I have to agree this amp is such a fun little guy. Ok not little, loud and heavy (weight wise) and does decent metal sounds unmodded. 

Easy amp to modify which I'm currently in the process of doing with help and suggestions from Geek (thanks again!), but I've been very impressed what a few changes to the circuit board will do to it and also how responds to pre amp tube swaps.


----------



## SinCron (Mar 2, 2006)

LowWatt said:


> Weird tube 60s Ampegs.
> 
> They keep low prices because you usually can't get much distortion out of them and people are afraid of having to find tubes they've never heard of, but they have the finest cleans, EH and JJ are now making good quality replacement tubes for every weird tube ever used in a vintage Ampeg, and put a booster in front of the amp and watch your jaw drop.
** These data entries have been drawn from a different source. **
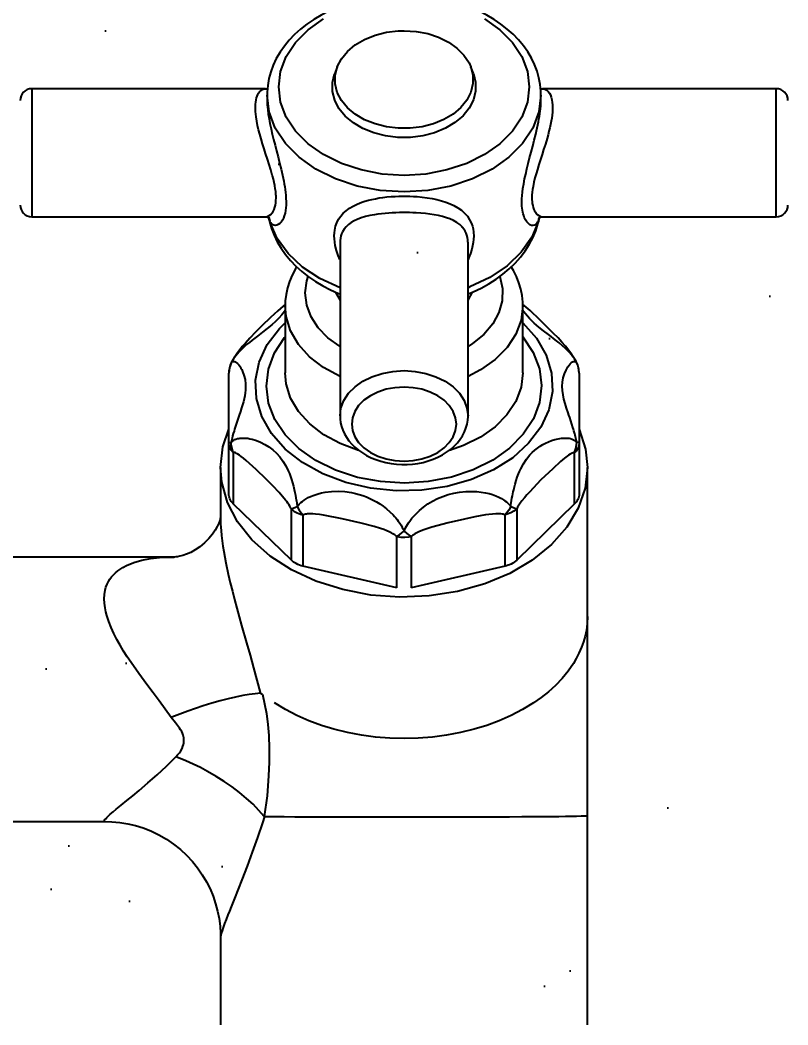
# Model space of a CAD drawing. Extents: x -36 to 357, y 137 to 237.
# Drawn here: x 11.7802 to 11.8396, y 177.7977 to 177.8755 of the extents above; entities that cross this region are included whole.
import ezdxf

# ---------------------------------------------------------------- set-up
doc = ezdxf.new("R2010")
doc.units = 0
doc.header["$LTSCALE"] = 0.01
doc.layers.get('0').update_dxf_attribs({"linetype": 'CONTINUOUS'})
doc.layers.get('DEFPOINTS').update_dxf_attribs({"linetype": 'CONTINUOUS'})
for name, color, linetype in [('01', 1, 'CONTINUOUS'), ('A-HACHURAPARED', 254, 'CONTINUOUS'), ('ARQ-CTA-1_025', 1, 'CONTINUOUS')]:
    doc.layers.add(name, color=color, linetype=linetype)
doc.styles.add('FNDE Texto Cota 0025', font='verdana.ttf', dxfattribs={"height": 0.04})
doc.dimstyles.new('FNDE 1-0025', dxfattribs={"dimscale": 5, "dimtxt": 0.04, "dimasz": 0.0035, "dimexe": 0.15, "dimexo": 0.15, "dimgap": 0.0025, "dimtad": 1, "dimzin": 1, "dimdsep": 46, "dimtxsty": 'FNDE Texto Cota 0025', "dimblk": 'tic', "dimcen": 0.015, "dimdle": 0.15, "dimse1": 1, "dimse2": 1, "dimclrd": 251, "dimclre": 251, "dimclrt": 256, "dimaunit": 1, "dimadec": 3, "dimazin": 0, "dimtfac": 1, "dimtix": 1, "dimtmove": 2, "dimatfit": 3, "dimfxl": 0.15, "dimtvp": 1, "dimtolj": 1, "dimtzin": 0, "dimarcsym": 0})

# ---------------------------------------------------------------- blocks, each defined once
blk = doc.blocks.new('tic')
at = {"color": 251}
for p, q in [((0, -1), (0, 1)), ((-1, 0), (1, 0))]:
    blk.add_line(p, q, dxfattribs=at)
blk.add_line((-0.6, -0.6), (0.6, 0.6))
blk = doc.blocks.new('*D64')
at = {"layer": 'ARQ-CTA-1_025', "color": 251, "lineweight": -2, "transparency": 16777216}
for p, q in [((11.625811, 177.804245), (11.625811, 177.821745)), ((11.625811, 177.736745), (11.625811, 177.786745)), ((11.625811, 177.719245), (11.625811, 177.701745))]:
    blk.add_line(p, q, dxfattribs=at)
at = {"layer": 'DEFPOINTS', "color": 0, "transparency": 16777216}
for p in [(11.625811, 177.786745), (12.037832, 177.786745), (12.037832, 177.736745)]:
    blk.add_point(p, dxfattribs=at)
at = {"layer": 'ARQ-CTA-1_025', "color": 251, "lineweight": -2, "transparency": 16777216, "xscale": 0.0175, "yscale": 0.0175, "zscale": 0.0175}
for p, rotation in [((11.625811, 177.786745), 270), ((11.625811, 177.736745), 90)]:
    blk.add_blockref('tic', p, dxfattribs=dict(at, rotation=rotation))
at = {"layer": 'ARQ-CTA-1_025', "transparency": 16777216, "insert": (11.592492, 177.761745), "char_height": 0.04, "attachment_point": 5, "rotation": 90, "style": 'FNDE Texto Cota 0025'}
blk.add_mtext('\\A1;0.05', dxfattribs=at)
blk = doc.blocks.new('*D65')
at = {"layer": 'ARQ-CTA-1_025', "color": 251, "lineweight": -2, "transparency": 16777216}
for p, q in [((11.502679, 177.894297), (11.502679, 177.911797)), ((11.502679, 177.786797), (11.502679, 177.876797)), ((11.502679, 177.769297), (11.502679, 177.751797))]:
    blk.add_line(p, q, dxfattribs=at)
at = {"layer": 'DEFPOINTS', "color": 0, "transparency": 16777216}
for p in [(11.502679, 177.876797), (11.9147, 177.876797), (11.9147, 177.786797)]:
    blk.add_point(p, dxfattribs=at)
at = {"layer": 'ARQ-CTA-1_025', "color": 251, "lineweight": -2, "transparency": 16777216, "xscale": 0.0175, "yscale": 0.0175, "zscale": 0.0175}
for p, rotation in [((11.502679, 177.876797), 270), ((11.502679, 177.786797), 90)]:
    blk.add_blockref('tic', p, dxfattribs=dict(at, rotation=rotation))
at = {"layer": 'ARQ-CTA-1_025', "transparency": 16777216, "insert": (11.46936, 177.831797), "char_height": 0.04, "attachment_point": 5, "rotation": 90, "style": 'FNDE Texto Cota 0025'}
blk.add_mtext('\\A1;0.10', dxfattribs=at)
blk = doc.blocks.new('A$C093F1C31')
at = {"layer": '01', "ltscale": 10}
for p, q in [((0.09522, 0.14158), (0.09489, 0.14071)), ((0.11277, 0.14071), (0.11243, 0.14158)), ((0.05583, 0.13874), (0.05583, 0.12224)), ((0.08595, 0.13874), (0.05583, 0.13874)), ((0.15183, 0.13874), (0.1217, 0.13874)), ((0.15183, 0.12224), (0.15183, 0.13874)), ((0.08617, 0.13793), (0.08617, 0.13738)), ((0.12149, 0.13738), (0.12149, 0.13793)), ((0.12149, 0.13728), (0.12149, 0.13738)), ((0.05583, 0.12224), (0.08595, 0.12224)), ((0.08636, 0.12217), (0.08637, 0.12213)), ((0.08636, 0.12214), (0.08638, 0.12205)), ((0.1217, 0.12224), (0.15183, 0.12224)), ((0.09558, 0.11886), (0.09558, 0.11882)), ((0.09558, 0.11882), (0.09558, 0.09654)), ((0.11208, 0.09654), (0.11208, 0.11882)), ((0.0885, 0.11077), (0.0885, 0.10211)), ((0.11916, 0.10211), (0.11916, 0.11077)), ((0.08125, 0.09307), (0.08125, 0.10207)), ((0.12641, 0.10207), (0.12641, 0.09307)), ((0.08125, 0.08646), (0.08125, 0.09307)), ((0.12641, 0.09307), (0.12641, 0.08646)), ((0.08182, 0.09182), (0.08182, 0.08521)), ((0.12583, 0.08521), (0.12583, 0.09182)), ((0.08017, 0.08989), (0.08017, 0.08322)), ((0.12748, 0.07065), (0.12748, 0.08989)), ((0.0893, 0.07793), (0.08182, 0.08521)), ((0.0893, 0.07793), (0.0893, 0.08454)), ((0.12583, 0.08521), (0.11836, 0.07793)), ((0.11836, 0.08454), (0.11836, 0.07793)), ((0.0908, 0.08377), (0.0908, 0.07716)), ((0.11686, 0.07716), (0.11686, 0.08377)), ((0.1029, 0.07438), (0.1029, 0.08099)), ((0.10475, 0.08099), (0.10475, 0.07438)), ((0.07415, 0.07834), (0.05303, 0.07834)), ((0.07406, 0.07834), (0.07415, 0.07834)), ((0.07415, 0.07834), (0.07419, 0.07834)), ((0.1029, 0.07438), (0.0908, 0.07716)), ((0.11686, 0.07716), (0.10475, 0.07438)), ((0.12748, 0.04498), (0.12748, 0.07065)), ((0.04789, 0.04423), (0.06527, 0.04423)), ((0.12748, 0.01799), (0.12748, 0.04498)), ((0.08017, 0.02934), (0.08017, 0.01799))]:
    blk.add_line(p, q, dxfattribs=at)
for points in [[(0.10002, 0.15055, 0), (0.09962, 0.15049, 0), (0.09846, 0.15025, 0), (0.09733, 0.14996, 0), (0.09622, 0.14961, 0), (0.09515, 0.1492, 0), (0.09412, 0.14874, 0), (0.09314, 0.14824, 0), (0.0922, 0.14768, 0), (0.09131, 0.14707, 0), (0.09049, 0.14642, 0), (0.08972, 0.14573, 0), (0.08902, 0.145, 0), (0.0884, 0.14424, 0), (0.08784, 0.14345, 0), (0.08736, 0.14263, 0), (0.08696, 0.14179, 0), (0.08664, 0.14093, 0), (0.08641, 0.14006, 0), (0.08625, 0.13918, 0), (0.08617, 0.1383, 0), (0.08617, 0.13789, 0)], [(0.11421, 0.14774, 0), (0.1162, 0.14633, 0), (0.11782, 0.1447, 0), (0.11901, 0.1429, 0), (0.11974, 0.14097, 0), (0.11998, 0.13899, 0), (0.11974, 0.13701, 0), (0.11901, 0.13508, 0), (0.11782, 0.13328, 0), (0.1162, 0.13165, 0), (0.11421, 0.13024, 0), (0.11191, 0.1291, 0), (0.10935, 0.12826, 0), (0.10663, 0.12774, 0), (0.10383, 0.12757, 0), (0.10102, 0.12774, 0), (0.0983, 0.12826, 0), (0.09575, 0.1291, 0), (0.09344, 0.13024, 0), (0.09145, 0.13165, 0), (0.08983, 0.13328, 0), (0.08864, 0.13508, 0), (0.08792, 0.13701, 0), (0.08767, 0.13899, 0), (0.08792, 0.14097, 0), (0.08864, 0.1429, 0), (0.08983, 0.1447, 0), (0.09145, 0.14633, 0), (0.09344, 0.14774, 0)], [(0.12149, 0.13796, 0), (0.12147, 0.13841, 0), (0.12139, 0.13929, 0), (0.12122, 0.14016, 0), (0.12098, 0.14102, 0), (0.12066, 0.14187, 0), (0.12025, 0.1427, 0), (0.11978, 0.1435, 0), (0.11923, 0.14428, 0), (0.1186, 0.14504, 0), (0.11791, 0.14576, 0), (0.11715, 0.14644, 0), (0.11633, 0.14708, 0), (0.11545, 0.14768, 0), (0.11451, 0.14824, 0), (0.11353, 0.14875, 0), (0.1125, 0.1492, 0), (0.11143, 0.14961, 0), (0.11033, 0.14995, 0), (0.1092, 0.15025, 0), (0.10804, 0.15049, 0), (0.10764, 0.15055, 0)], [(0.09522, 0.14158, 0), (0.09576, 0.14261, 0), (0.09654, 0.14356, 0), (0.09754, 0.1444, 0), (0.09874, 0.14511, 0), (0.10009, 0.14565, 0), (0.10155, 0.14602, 0), (0.10308, 0.14621, 0), (0.10383, 0.14623, 0)], [(0.10383, 0.14623, 0), (0.10538, 0.14614, 0), (0.10688, 0.14585, 0), (0.10829, 0.14539, 0), (0.10956, 0.14476, 0), (0.11066, 0.14398, 0), (0.11155, 0.14308, 0), (0.11221, 0.14208, 0), (0.11243, 0.14158, 0)], [(0.11243, 0.14158, 0), (0.11271, 0.1405, 0), (0.11271, 0.1394, 0), (0.11245, 0.13832, 0), (0.11192, 0.13728, 0), (0.11115, 0.13633, 0), (0.11016, 0.13548, 0), (0.10897, 0.13477, 0), (0.10763, 0.13422, 0), (0.10617, 0.13384, 0), (0.10464, 0.13365, 0), (0.10308, 0.13364, 0), (0.10155, 0.13383, 0), (0.10009, 0.1342, 0), (0.09874, 0.13475, 0), (0.09754, 0.13545, 0), (0.09654, 0.13629, 0), (0.09576, 0.13724, 0), (0.09522, 0.13827, 0), (0.09495, 0.13936, 0), (0.09494, 0.14045, 0), (0.0952, 0.14154, 0), (0.09522, 0.14158, 0)], [(0.11277, 0.14071, 0), (0.11305, 0.13959, 0), (0.11306, 0.13844, 0), (0.11279, 0.13732, 0), (0.11224, 0.13624, 0), (0.11144, 0.13525, 0), (0.1104, 0.13437, 0), (0.10917, 0.13364, 0), (0.10777, 0.13306, 0), (0.10626, 0.13267, 0), (0.10467, 0.13247, 0), (0.10305, 0.13246, 0), (0.10146, 0.13266, 0), (0.09994, 0.13304, 0), (0.09854, 0.13361, 0), (0.0973, 0.13434, 0), (0.09626, 0.13521, 0), (0.09544, 0.1362, 0), (0.09489, 0.13727, 0), (0.0946, 0.1384, 0), (0.09459, 0.13954, 0), (0.09487, 0.14066, 0), (0.09489, 0.14071, 0)], [(0.08596, 0.12224, 0), (0.08603, 0.12224, 0), (0.08623, 0.12228, 0), (0.08644, 0.12238, 0), (0.08664, 0.12252, 0), (0.0868, 0.12269, 0), (0.08694, 0.12291, 0), (0.08707, 0.12316, 0), (0.08718, 0.12346, 0), (0.08725, 0.12372, 0), (0.08729, 0.12401, 0), (0.08732, 0.12432, 0), (0.08733, 0.12465, 0), (0.08733, 0.12488, 0), (0.08732, 0.12512, 0), (0.08728, 0.12548, 0), (0.08723, 0.12585, 0), (0.08717, 0.12624, 0), (0.08708, 0.12665, 0), (0.08698, 0.12707, 0), (0.08687, 0.1275, 0), (0.08684, 0.12761, 0), (0.08665, 0.12828, 0), (0.08644, 0.12896, 0), (0.08622, 0.12966, 0), (0.08599, 0.13037, 0), (0.08579, 0.131, 0), (0.08559, 0.13163, 0), (0.0854, 0.13226, 0), (0.08522, 0.13289, 0), (0.08508, 0.13346, 0), (0.08495, 0.13402, 0), (0.08484, 0.13457, 0), (0.08476, 0.1351, 0), (0.08472, 0.13545, 0), (0.08469, 0.13579, 0), (0.08467, 0.13611, 0), (0.08467, 0.13643, 0), (0.08468, 0.13673, 0), (0.08471, 0.13701, 0), (0.08475, 0.13729, 0), (0.08481, 0.13755, 0), (0.08489, 0.13778, 0), (0.08498, 0.138, 0), (0.08508, 0.13819, 0), (0.0852, 0.13835, 0), (0.08539, 0.13853, 0), (0.08559, 0.13866, 0), (0.08581, 0.13872, 0), (0.08596, 0.13874, 0)], [(0.12171, 0.13874, 0), (0.12186, 0.13872, 0), (0.12206, 0.13866, 0), (0.12226, 0.13854, 0), (0.12242, 0.13839, 0), (0.12257, 0.13819, 0), (0.1227, 0.13795, 0), (0.12281, 0.13766, 0), (0.1229, 0.13733, 0), (0.12295, 0.13696, 0), (0.12298, 0.13668, 0), (0.12299, 0.13638, 0), (0.12298, 0.13607, 0), (0.12296, 0.13572, 0), (0.12293, 0.13535, 0), (0.12288, 0.13496, 0), (0.12281, 0.13455, 0), (0.12273, 0.13413, 0), (0.12263, 0.13369, 0), (0.12252, 0.13325, 0), (0.1224, 0.13279, 0), (0.12227, 0.13233, 0), (0.12206, 0.13161, 0), (0.12183, 0.13089, 0), (0.12163, 0.13025, 0), (0.12142, 0.12961, 0), (0.12121, 0.12897, 0), (0.12102, 0.12833, 0), (0.12086, 0.12777, 0), (0.12071, 0.12723, 0), (0.12058, 0.12668, 0), (0.12047, 0.12615, 0), (0.12041, 0.12576, 0), (0.12036, 0.12538, 0), (0.12033, 0.12501, 0), (0.12032, 0.12465, 0), (0.12032, 0.12443, 0), (0.12034, 0.12422, 0), (0.12037, 0.12393, 0), (0.12042, 0.12366, 0), (0.12049, 0.12341, 0), (0.12057, 0.12318, 0), (0.12067, 0.12298, 0), (0.12078, 0.1228, 0), (0.12081, 0.12275, 0), (0.121, 0.12254, 0), (0.12121, 0.12238, 0), (0.12144, 0.12228, 0), (0.12167, 0.12224, 0), (0.1217, 0.12224, 0)], [(0.12149, 0.13793, 0), (0.12122, 0.13576, 0), (0.12042, 0.13366, 0), (0.11912, 0.13168, 0), (0.11735, 0.1299, 0), (0.11518, 0.12836, 0), (0.11266, 0.12711, 0), (0.10987, 0.12619, 0), (0.10689, 0.12563, 0), (0.10383, 0.12544, 0), (0.10076, 0.12563, 0), (0.09779, 0.12619, 0), (0.095, 0.12711, 0), (0.09248, 0.12836, 0), (0.0903, 0.1299, 0), (0.08853, 0.13168, 0), (0.08723, 0.13366, 0), (0.08644, 0.13576, 0), (0.08617, 0.1379, 0)], [(0.12149, 0.13793, 0), (0.12149, 0.13796, 0)], [(0.08617, 0.13738, 0), (0.08617, 0.13719, 0), (0.08618, 0.13692, 0), (0.0862, 0.13664, 0), (0.08622, 0.13635, 0), (0.08625, 0.13605, 0), (0.08633, 0.13547, 0), (0.08642, 0.13487, 0), (0.08654, 0.13424, 0), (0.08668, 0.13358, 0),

My roomie would strongly agree with you. He has a V4 (head) and used to have a VT-40 (the 4X10 combo).


----------



## vds5000 (Apr 14, 2008)

Guiary said:


> I have to agree this amp is such a fun little guy. Ok not little, loud and heavy (weight wise) and does decent metal sounds unmodded.
> 
> Easy amp to modify which I'm currently in the process of doing with help and suggestions from Geek (thanks again!), but I've been very impressed what a few changes to the circuit board will do to it and also how responds to pre amp tube swaps.


And those VTMs are dirt cheap. I recall seeing a few VTM60s used in the past for the $225-275 range - obscenely cheap for an all-tube head.


----------